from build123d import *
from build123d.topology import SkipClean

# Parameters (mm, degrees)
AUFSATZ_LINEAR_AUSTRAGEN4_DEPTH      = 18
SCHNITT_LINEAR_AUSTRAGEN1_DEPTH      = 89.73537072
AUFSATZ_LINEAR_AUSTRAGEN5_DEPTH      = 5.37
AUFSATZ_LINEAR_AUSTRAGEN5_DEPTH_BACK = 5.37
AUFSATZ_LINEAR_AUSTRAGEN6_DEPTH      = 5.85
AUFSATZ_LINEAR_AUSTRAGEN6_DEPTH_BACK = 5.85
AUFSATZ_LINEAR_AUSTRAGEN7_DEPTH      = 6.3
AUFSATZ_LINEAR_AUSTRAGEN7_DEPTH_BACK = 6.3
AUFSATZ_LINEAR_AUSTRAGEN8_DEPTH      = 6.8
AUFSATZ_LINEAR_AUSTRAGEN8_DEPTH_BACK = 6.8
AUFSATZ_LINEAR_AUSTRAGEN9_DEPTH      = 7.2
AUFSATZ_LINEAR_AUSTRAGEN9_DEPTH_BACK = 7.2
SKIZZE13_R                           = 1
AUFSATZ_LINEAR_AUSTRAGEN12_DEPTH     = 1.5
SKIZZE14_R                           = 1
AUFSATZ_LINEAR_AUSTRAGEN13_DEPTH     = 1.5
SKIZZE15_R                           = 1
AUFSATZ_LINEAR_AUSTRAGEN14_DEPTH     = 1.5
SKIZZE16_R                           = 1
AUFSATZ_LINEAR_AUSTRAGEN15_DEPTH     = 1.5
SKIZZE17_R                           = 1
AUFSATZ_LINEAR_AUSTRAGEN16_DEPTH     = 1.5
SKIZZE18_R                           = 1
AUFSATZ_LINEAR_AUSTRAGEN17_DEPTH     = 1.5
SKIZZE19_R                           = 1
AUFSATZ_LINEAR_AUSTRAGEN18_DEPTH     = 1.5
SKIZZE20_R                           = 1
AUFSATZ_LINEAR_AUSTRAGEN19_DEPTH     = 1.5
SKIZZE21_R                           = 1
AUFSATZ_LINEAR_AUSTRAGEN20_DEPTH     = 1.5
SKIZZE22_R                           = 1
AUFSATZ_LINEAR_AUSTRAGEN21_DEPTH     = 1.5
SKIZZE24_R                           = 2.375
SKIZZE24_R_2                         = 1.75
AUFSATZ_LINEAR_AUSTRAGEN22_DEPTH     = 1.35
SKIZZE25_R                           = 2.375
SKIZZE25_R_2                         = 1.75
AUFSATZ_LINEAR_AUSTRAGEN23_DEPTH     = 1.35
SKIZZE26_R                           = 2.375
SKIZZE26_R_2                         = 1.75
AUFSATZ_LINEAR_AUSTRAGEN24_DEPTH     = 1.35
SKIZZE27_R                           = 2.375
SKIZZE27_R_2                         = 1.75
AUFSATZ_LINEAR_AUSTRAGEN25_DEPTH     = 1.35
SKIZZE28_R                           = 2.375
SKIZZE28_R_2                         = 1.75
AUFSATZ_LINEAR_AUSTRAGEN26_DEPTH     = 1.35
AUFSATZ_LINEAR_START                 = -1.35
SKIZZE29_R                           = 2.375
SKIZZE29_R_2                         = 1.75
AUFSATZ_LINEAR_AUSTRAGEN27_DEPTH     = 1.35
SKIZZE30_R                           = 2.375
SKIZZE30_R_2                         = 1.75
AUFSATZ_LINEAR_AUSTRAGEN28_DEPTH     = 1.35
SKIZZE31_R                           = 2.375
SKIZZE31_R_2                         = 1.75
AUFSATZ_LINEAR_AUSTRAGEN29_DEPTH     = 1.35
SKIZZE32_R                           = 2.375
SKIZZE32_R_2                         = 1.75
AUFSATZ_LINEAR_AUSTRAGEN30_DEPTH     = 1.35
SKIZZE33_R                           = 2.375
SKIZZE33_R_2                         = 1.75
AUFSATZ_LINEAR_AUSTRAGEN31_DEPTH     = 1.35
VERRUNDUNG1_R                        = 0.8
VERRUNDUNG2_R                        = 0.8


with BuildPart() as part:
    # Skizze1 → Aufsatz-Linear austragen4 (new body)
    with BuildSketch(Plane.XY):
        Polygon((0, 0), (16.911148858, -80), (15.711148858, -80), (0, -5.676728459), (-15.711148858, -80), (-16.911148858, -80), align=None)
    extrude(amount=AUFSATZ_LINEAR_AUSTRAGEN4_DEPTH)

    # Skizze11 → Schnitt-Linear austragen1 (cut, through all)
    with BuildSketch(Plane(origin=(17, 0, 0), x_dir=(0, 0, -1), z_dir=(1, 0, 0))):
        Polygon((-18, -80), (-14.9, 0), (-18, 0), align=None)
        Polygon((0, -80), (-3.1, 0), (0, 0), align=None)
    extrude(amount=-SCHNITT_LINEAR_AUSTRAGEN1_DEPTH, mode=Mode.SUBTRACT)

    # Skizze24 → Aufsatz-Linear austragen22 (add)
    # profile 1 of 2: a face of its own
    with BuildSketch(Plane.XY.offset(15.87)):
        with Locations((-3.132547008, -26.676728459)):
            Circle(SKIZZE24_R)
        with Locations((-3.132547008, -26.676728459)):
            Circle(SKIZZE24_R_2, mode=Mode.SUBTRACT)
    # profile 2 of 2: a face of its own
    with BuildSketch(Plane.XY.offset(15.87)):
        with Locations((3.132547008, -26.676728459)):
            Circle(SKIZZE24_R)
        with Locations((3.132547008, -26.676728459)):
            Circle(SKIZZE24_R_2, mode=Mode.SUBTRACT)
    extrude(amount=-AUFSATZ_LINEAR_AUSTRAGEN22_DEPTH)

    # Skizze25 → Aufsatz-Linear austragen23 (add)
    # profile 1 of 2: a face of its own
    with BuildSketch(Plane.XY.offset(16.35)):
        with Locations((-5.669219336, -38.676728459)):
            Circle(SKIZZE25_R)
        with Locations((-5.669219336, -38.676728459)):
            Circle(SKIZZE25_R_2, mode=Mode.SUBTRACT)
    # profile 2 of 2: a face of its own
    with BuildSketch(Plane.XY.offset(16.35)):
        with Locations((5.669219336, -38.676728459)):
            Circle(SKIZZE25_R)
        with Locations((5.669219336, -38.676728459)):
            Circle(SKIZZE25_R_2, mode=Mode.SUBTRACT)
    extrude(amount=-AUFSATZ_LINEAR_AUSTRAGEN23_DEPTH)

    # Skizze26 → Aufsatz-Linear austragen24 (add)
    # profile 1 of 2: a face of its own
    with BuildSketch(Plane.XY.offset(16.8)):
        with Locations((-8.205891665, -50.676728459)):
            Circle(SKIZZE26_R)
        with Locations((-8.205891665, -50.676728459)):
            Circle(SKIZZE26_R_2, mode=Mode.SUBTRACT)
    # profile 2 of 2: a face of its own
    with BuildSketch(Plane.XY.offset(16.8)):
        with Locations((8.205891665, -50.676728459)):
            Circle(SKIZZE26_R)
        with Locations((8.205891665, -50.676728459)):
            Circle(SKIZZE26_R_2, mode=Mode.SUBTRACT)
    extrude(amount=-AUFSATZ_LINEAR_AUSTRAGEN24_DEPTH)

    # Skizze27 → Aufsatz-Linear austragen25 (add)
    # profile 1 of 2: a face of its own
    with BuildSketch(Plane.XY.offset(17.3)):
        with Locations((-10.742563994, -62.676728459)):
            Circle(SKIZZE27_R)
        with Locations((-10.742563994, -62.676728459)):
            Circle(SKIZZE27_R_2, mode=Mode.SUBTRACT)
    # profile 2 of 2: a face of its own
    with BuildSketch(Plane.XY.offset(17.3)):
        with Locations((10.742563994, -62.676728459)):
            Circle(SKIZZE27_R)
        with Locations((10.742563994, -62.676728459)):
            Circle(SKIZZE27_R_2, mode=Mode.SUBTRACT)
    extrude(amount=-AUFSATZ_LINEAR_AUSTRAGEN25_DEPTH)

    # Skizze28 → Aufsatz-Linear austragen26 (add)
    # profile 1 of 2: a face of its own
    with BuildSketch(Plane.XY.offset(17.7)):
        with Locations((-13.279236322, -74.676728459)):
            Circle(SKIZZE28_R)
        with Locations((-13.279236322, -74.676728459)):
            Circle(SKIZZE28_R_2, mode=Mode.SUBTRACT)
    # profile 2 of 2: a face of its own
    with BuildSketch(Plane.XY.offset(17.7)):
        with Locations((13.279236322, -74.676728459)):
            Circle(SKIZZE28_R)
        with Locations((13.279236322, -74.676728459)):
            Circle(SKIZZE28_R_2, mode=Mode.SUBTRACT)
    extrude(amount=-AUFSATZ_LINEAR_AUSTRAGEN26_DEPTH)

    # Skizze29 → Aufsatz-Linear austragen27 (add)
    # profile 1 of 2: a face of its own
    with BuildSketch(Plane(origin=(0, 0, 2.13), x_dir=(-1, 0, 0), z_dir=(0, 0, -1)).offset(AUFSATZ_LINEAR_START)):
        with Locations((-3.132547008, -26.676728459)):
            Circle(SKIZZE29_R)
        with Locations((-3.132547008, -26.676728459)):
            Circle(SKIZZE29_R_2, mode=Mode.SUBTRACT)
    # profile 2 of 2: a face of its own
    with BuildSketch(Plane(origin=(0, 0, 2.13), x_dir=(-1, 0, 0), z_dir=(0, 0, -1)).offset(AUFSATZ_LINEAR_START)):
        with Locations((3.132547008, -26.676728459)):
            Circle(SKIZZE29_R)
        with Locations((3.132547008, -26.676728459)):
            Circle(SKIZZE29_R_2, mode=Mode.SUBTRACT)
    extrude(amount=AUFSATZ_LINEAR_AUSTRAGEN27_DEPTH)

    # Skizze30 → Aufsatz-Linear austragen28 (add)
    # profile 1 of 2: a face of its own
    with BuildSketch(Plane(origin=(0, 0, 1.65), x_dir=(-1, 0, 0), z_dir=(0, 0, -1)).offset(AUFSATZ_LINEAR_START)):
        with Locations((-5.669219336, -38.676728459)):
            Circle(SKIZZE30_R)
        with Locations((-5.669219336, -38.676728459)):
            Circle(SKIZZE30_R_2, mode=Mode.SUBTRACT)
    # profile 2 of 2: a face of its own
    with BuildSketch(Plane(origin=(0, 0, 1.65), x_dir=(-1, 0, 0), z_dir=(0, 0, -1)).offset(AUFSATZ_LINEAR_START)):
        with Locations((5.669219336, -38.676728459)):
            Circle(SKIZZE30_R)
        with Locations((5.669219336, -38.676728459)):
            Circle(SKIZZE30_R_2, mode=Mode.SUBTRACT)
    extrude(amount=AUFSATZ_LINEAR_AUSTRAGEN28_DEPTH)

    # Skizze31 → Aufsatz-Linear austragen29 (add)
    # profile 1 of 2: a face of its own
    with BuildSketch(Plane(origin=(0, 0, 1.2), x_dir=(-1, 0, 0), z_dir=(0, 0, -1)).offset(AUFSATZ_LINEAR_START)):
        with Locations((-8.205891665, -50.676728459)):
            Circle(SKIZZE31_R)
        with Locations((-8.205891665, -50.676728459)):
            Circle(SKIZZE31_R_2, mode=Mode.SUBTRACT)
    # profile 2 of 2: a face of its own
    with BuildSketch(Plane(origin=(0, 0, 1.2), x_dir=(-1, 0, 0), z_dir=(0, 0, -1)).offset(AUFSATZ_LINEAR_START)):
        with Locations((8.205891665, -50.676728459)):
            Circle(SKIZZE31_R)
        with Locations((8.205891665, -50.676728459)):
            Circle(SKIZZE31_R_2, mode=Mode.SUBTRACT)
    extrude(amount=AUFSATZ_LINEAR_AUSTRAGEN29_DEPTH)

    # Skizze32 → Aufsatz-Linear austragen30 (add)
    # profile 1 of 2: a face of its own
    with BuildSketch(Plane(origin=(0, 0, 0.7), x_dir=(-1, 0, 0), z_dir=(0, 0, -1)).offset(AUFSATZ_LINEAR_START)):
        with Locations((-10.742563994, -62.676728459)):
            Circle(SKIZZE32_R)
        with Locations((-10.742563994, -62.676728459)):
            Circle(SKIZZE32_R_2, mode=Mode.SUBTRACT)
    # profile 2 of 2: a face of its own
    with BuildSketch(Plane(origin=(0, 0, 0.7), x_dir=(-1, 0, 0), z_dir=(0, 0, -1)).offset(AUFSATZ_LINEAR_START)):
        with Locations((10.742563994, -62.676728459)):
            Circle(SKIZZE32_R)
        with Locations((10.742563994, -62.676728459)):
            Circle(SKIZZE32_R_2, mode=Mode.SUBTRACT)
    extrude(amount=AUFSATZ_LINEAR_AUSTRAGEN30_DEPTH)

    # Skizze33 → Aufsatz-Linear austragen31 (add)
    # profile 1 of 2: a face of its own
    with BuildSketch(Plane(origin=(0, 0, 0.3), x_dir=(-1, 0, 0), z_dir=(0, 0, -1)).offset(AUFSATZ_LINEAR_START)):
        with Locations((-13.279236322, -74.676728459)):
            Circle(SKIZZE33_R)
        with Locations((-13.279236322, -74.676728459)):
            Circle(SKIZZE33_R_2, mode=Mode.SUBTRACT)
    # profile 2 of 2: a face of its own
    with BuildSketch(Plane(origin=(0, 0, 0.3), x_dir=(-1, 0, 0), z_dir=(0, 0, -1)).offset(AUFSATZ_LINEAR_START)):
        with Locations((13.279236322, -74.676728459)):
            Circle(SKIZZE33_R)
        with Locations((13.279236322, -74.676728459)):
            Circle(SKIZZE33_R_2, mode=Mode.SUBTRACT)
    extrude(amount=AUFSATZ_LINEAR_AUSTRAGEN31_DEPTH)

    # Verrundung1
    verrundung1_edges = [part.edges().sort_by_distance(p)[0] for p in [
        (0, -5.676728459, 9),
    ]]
****************************************
ACTIVITY:
Copy out every line of the entries where the string "align" shows up.

ANSWER SECTION:
        Polygon((0, 0), (16.911148858, -80), (15.711148858, -80), (0, -5.676728459), (-15.711148858, -80), (-16.911148858, -80), align=None)
        Polygon((-18, -80), (-14.9, 0), (-18, 0), align=None)
        Polygon((0, -80), (-3.1, 0), (0, 0), align=None)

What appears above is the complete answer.